I've connected 1 bulb to the ballast using the yellow wire and one of the red ones. That's the bulb that will be on 10 hours. The ballast is connected to the timer.

My idea is to connect the yellow wire permanently to the 2 bulbs and have a second timer connect the red wires for the 3-4 hours work time;

1. Is it safe to use a second timer connected to 2 of the red wires coming from the ballast? 
2. Is it safe to have the yellow wire permanently connected to the other 2 bulbs?

--Nikolay


----------



## Erirku (Oct 5, 2004)

I'd be careful, if I were you!:-s Seems alittle dangerous. I don't know how you would do that, since you want different things to happen to certain lights. So here's my 2 cents:
First off, IMHO, don't you need 2 different ballasts? You want to turn on lights at different time, instead of all turning at once. That's where it sounds dangerous!!! One wrong move and something bad (I don't want to type it) So why don't you use 2 ballasts, maybe that'll help. Good luck.


----------



## dennis (Mar 1, 2004)

Having th eyellow wire connected would not hurt anything as the circuit would not be completed. While the yellows are technically not neutral or ground wires, they can be considered as such.

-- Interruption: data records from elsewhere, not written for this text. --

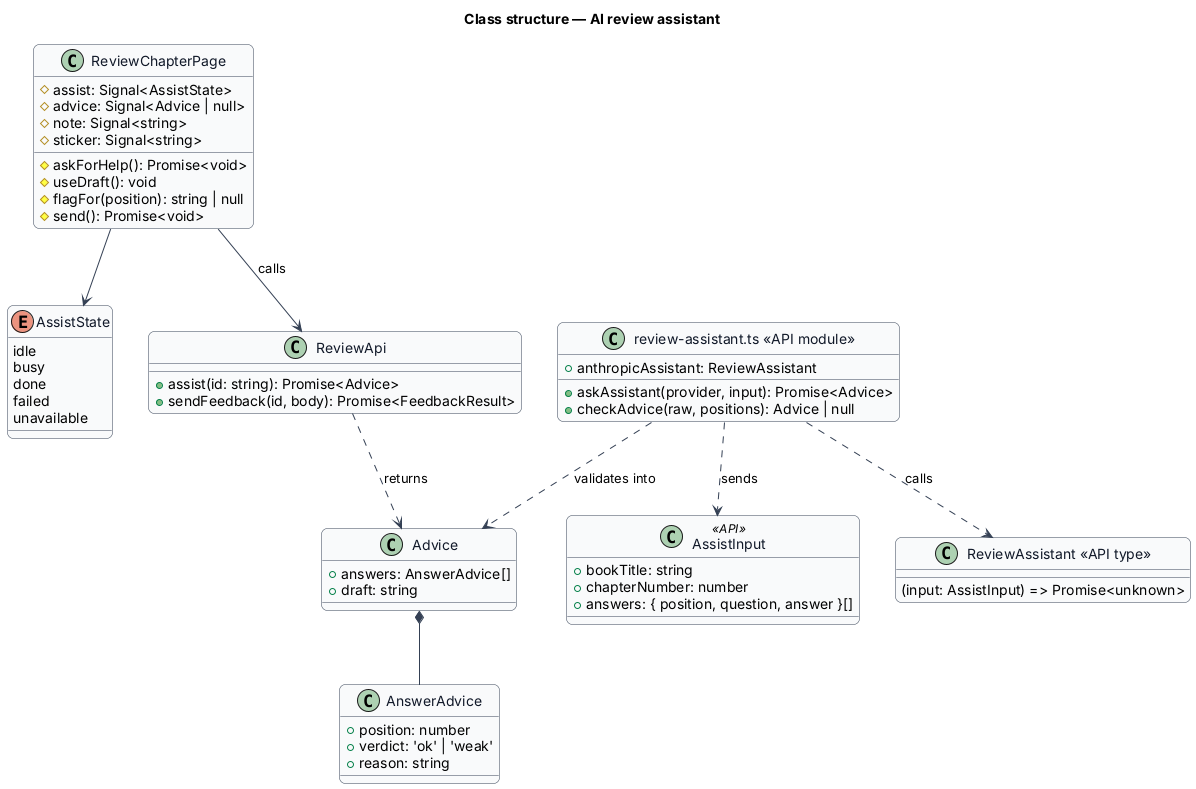

The diagram above was rendered by PlantUML. Its source (embedded in the PNG):
@startuml
skinparam backgroundColor #FFFFFF
skinparam shadowing false
skinparam roundcorner 12
skinparam defaultFontName Arial
skinparam ArrowColor #344054
skinparam class {
  BorderColor #344054
  FontColor #101828
  BackgroundColor #F9FAFB
}
title Class structure — AI review assistant

class ReviewChapterPage {
  #assist: Signal<AssistState>
  #advice: Signal<Advice | null>
  #note: Signal<string>
  #sticker: Signal<string>
  #askForHelp(): Promise<void>
  #useDraft(): void
  #flagFor(position): string | null
  #send(): Promise<void>
}
enum AssistState {
  idle
  busy
  done
  failed
  unavailable
}
class ReviewApi {
  +assist(id: string): Promise<Advice>
  +sendFeedback(id, body): Promise<FeedbackResult>
}
class Advice {
  +answers: AnswerAdvice[]
  +draft: string
}
class AnswerAdvice {
  +position: number
  +verdict: 'ok' | 'weak'
  +reason: string
}
class AssistInput <<API>> {
  +bookTitle: string
  +chapterNumber: number
  +answers: { position, question, answer }[]
}
class "ReviewAssistant <<API type>>" as ReviewAssistant {
  (input: AssistInput) => Promise<unknown>
}
class "review-assistant.ts <<API module>>" as Module {
  +anthropicAssistant: ReviewAssistant
  +askAssistant(provider, input): Promise<Advice>
  +checkAdvice(raw, positions): Advice | null
}
ReviewChapterPage --> ReviewApi : calls
ReviewChapterPage --> AssistState
ReviewApi ..> Advice : returns
Advice *-- AnswerAdvice
Module ..> AssistInput : sends
Module ..> ReviewAssistant : calls
Module ..> Advice : validates into
@enduml

I have often considered trying this myself but could never figure out how to do it. If it worked at all, you would have to have a timer on each red wire so that the timer acted as a switch. Also, if you simple connect the red wires to the timer, where you plug stuff into it, then the red wires woudl get a full shot of 120volts when the timer came on...that can't be good. I don't think the timer would run off of th epower from th ered wires so that means you have to rewire the timer so that the clock still works but when the gears rotate and activate the switch, it is not connected the the power supply. Not sure which timers you can do this to but I have looked at the insides of a broken walmart timer and it looks like it could be bypassed in that manner. Biggest problem is getting the timer back together after you take it apart.

I wonder if there is any kind of timed switch that would do this? Wonder wher eone starts looking for that?


----------



## niko (Jan 28, 2004)

Erirku,

Using 2 separate ballasts is what I originally intented to do. Safety and common sense pays off in this hobby  I was hoping to hear if the 1 ballast thing would work but Dennis definitely convinced me that I was on my way to probably blowing my bulbs and ballast.

Dennis,

Great answer! Stupid me - of course the cheap mechanical timer let's electricity flow from its prongs to the device! Somehow I imagined that it just makes a contact bettween 4 separated wires. I will look for such "timers" but using a new ballast and timer maybe more reasonable.

--Nikolay


----------



## blue (Jul 5, 2005)

I vote 2 ballasts/ 2 timers. If you are going to have more ballast than lamps, you should ODNO.

Revisiting ODNO:
http://www.plantedtank.net/forums/showthread.php?t=21257

I think the WH ballast needs to be serial lamps though...

(sorry for the cross-post)


----------



## titan97 (Feb 14, 2005)

Remember that the ballasts convert the 120V coming in to something much higher. I don't know the specifics of the ballast output. If you wanted to switch the red wires, you'd need to know the voltage and current carried by those wires. I'd imagine the current would be very low, but the voltage woudl be very high. Ideally, you would want something like a mag-starter or relay of some sort. This way you could use 2 timers, one to control the ballast as originally planned, and the other to control the relay. The relay would take the 120V signal as an on/off switch and allow power to flow through the red wires. I'll say it again to be perfectly clear: you will need a relay or mag-starter that could handle the voltage put out by the ballast. You may be able to find a suitable relay at Radio Shack, but I think you'll have better luck at McMaster-Carr or Grainger. However, expect to pay a good amount at MMC or Grainger (600V Mag-starters go for around $100 to start).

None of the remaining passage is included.